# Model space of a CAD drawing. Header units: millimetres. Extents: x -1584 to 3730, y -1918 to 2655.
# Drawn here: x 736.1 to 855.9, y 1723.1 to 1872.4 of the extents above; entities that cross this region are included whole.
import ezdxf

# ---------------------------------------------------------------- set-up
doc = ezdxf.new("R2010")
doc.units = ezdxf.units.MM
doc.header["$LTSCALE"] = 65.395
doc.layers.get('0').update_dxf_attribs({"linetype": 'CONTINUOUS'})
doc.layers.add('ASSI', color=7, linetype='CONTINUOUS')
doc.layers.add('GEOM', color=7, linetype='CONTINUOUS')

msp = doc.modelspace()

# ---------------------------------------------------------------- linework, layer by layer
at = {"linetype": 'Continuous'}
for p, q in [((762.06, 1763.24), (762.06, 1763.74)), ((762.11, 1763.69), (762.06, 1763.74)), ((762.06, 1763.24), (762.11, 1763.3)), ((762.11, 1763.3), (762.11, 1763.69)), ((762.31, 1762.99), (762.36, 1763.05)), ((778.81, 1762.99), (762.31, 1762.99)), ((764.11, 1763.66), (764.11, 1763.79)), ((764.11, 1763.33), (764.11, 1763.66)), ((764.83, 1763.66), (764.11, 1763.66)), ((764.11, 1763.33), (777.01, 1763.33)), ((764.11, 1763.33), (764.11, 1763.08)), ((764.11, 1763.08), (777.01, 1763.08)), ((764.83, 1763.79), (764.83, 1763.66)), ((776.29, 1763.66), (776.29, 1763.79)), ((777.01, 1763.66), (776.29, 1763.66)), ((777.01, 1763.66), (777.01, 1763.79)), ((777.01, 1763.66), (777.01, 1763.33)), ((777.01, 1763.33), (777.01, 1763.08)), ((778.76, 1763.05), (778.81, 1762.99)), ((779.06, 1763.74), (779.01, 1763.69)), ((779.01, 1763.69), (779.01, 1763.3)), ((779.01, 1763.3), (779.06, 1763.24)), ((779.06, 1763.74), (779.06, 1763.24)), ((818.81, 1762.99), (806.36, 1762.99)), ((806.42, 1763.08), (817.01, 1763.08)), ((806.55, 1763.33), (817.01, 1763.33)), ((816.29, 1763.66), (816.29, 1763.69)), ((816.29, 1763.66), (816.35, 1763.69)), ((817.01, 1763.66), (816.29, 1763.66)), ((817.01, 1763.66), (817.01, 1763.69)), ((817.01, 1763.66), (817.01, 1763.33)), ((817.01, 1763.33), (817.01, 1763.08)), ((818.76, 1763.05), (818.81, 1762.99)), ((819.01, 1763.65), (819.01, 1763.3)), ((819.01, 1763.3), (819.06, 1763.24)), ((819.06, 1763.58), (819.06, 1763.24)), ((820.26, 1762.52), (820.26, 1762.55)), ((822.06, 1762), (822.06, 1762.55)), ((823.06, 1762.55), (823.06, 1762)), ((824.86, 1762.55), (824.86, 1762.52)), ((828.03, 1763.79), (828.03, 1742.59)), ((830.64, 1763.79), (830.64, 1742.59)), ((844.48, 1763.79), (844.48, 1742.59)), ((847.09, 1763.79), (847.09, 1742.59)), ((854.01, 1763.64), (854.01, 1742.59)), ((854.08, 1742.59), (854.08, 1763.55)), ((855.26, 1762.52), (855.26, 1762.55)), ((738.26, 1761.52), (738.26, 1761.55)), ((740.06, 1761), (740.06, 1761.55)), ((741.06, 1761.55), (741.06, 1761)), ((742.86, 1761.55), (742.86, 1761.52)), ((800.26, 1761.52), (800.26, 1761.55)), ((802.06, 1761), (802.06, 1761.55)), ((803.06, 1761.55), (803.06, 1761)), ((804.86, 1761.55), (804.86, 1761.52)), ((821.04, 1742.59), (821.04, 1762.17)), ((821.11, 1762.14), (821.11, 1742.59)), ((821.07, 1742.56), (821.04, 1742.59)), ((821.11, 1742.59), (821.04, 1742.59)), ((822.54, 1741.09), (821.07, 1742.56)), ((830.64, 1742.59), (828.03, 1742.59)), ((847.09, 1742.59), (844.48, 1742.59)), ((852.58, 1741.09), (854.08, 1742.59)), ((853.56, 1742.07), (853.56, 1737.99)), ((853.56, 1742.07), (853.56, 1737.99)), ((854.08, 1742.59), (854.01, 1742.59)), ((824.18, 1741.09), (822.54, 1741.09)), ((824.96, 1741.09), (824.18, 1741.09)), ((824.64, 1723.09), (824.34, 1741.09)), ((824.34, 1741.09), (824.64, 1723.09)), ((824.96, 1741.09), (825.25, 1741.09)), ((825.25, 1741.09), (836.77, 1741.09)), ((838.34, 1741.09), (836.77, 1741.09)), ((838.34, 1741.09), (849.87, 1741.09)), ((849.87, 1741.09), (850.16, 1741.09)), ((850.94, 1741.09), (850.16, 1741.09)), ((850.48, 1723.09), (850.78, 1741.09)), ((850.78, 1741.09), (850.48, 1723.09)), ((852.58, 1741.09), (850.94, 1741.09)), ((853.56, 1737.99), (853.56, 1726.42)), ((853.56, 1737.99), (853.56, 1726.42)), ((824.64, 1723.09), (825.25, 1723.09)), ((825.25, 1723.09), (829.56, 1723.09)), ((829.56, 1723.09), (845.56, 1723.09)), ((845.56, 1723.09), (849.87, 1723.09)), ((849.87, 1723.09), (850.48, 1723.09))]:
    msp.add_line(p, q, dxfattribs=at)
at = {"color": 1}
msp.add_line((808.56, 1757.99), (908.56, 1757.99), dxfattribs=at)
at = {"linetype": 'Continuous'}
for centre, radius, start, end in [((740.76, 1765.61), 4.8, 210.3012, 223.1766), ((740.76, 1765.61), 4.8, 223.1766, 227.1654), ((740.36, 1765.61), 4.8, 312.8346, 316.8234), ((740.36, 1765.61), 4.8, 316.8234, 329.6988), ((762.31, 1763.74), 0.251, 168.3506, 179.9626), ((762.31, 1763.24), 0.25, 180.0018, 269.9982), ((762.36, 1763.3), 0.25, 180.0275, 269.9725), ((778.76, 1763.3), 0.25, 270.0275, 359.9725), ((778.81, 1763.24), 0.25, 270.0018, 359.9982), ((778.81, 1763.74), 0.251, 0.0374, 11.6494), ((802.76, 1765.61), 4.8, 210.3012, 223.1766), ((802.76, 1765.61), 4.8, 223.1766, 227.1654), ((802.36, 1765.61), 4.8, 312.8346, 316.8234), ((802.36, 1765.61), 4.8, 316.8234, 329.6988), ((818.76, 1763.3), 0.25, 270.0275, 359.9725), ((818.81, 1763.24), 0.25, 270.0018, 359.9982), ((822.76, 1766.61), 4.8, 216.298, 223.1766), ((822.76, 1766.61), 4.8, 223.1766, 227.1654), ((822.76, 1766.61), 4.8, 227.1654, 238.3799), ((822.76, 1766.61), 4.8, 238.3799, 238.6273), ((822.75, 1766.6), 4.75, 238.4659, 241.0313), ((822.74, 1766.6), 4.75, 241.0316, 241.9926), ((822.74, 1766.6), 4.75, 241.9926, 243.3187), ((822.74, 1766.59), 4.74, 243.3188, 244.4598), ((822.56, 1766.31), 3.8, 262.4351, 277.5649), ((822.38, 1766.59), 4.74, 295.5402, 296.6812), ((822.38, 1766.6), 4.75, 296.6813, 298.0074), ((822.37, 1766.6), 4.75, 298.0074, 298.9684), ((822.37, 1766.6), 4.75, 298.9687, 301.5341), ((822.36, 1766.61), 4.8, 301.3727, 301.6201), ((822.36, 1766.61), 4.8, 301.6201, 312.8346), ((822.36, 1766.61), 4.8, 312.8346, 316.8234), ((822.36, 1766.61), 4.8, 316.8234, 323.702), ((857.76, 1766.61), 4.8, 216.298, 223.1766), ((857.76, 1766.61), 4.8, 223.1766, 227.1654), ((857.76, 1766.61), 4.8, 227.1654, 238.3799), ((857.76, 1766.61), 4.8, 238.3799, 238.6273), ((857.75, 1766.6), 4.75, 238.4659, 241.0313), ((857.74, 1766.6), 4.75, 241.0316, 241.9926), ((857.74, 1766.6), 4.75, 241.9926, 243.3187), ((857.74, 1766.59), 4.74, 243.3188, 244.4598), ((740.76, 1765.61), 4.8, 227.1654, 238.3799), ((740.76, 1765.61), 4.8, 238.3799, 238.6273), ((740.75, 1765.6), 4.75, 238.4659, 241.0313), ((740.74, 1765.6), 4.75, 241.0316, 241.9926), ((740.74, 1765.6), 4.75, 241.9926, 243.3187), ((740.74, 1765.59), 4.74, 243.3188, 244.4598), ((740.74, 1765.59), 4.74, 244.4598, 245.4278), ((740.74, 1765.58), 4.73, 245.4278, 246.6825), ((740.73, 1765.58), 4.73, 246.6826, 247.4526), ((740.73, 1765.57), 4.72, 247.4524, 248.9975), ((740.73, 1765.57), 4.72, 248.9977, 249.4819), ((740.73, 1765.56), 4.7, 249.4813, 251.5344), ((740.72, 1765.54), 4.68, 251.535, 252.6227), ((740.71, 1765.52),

_GOAL OF THE EXERCISE_.
Return all lines from the entries that contain the string "dxfattribs".

_FINISHED TASK_.
    msp.add_line(p, q, dxfattribs=at)
msp.add_line((808.56, 1757.99), (908.56, 1757.99), dxfattribs=at)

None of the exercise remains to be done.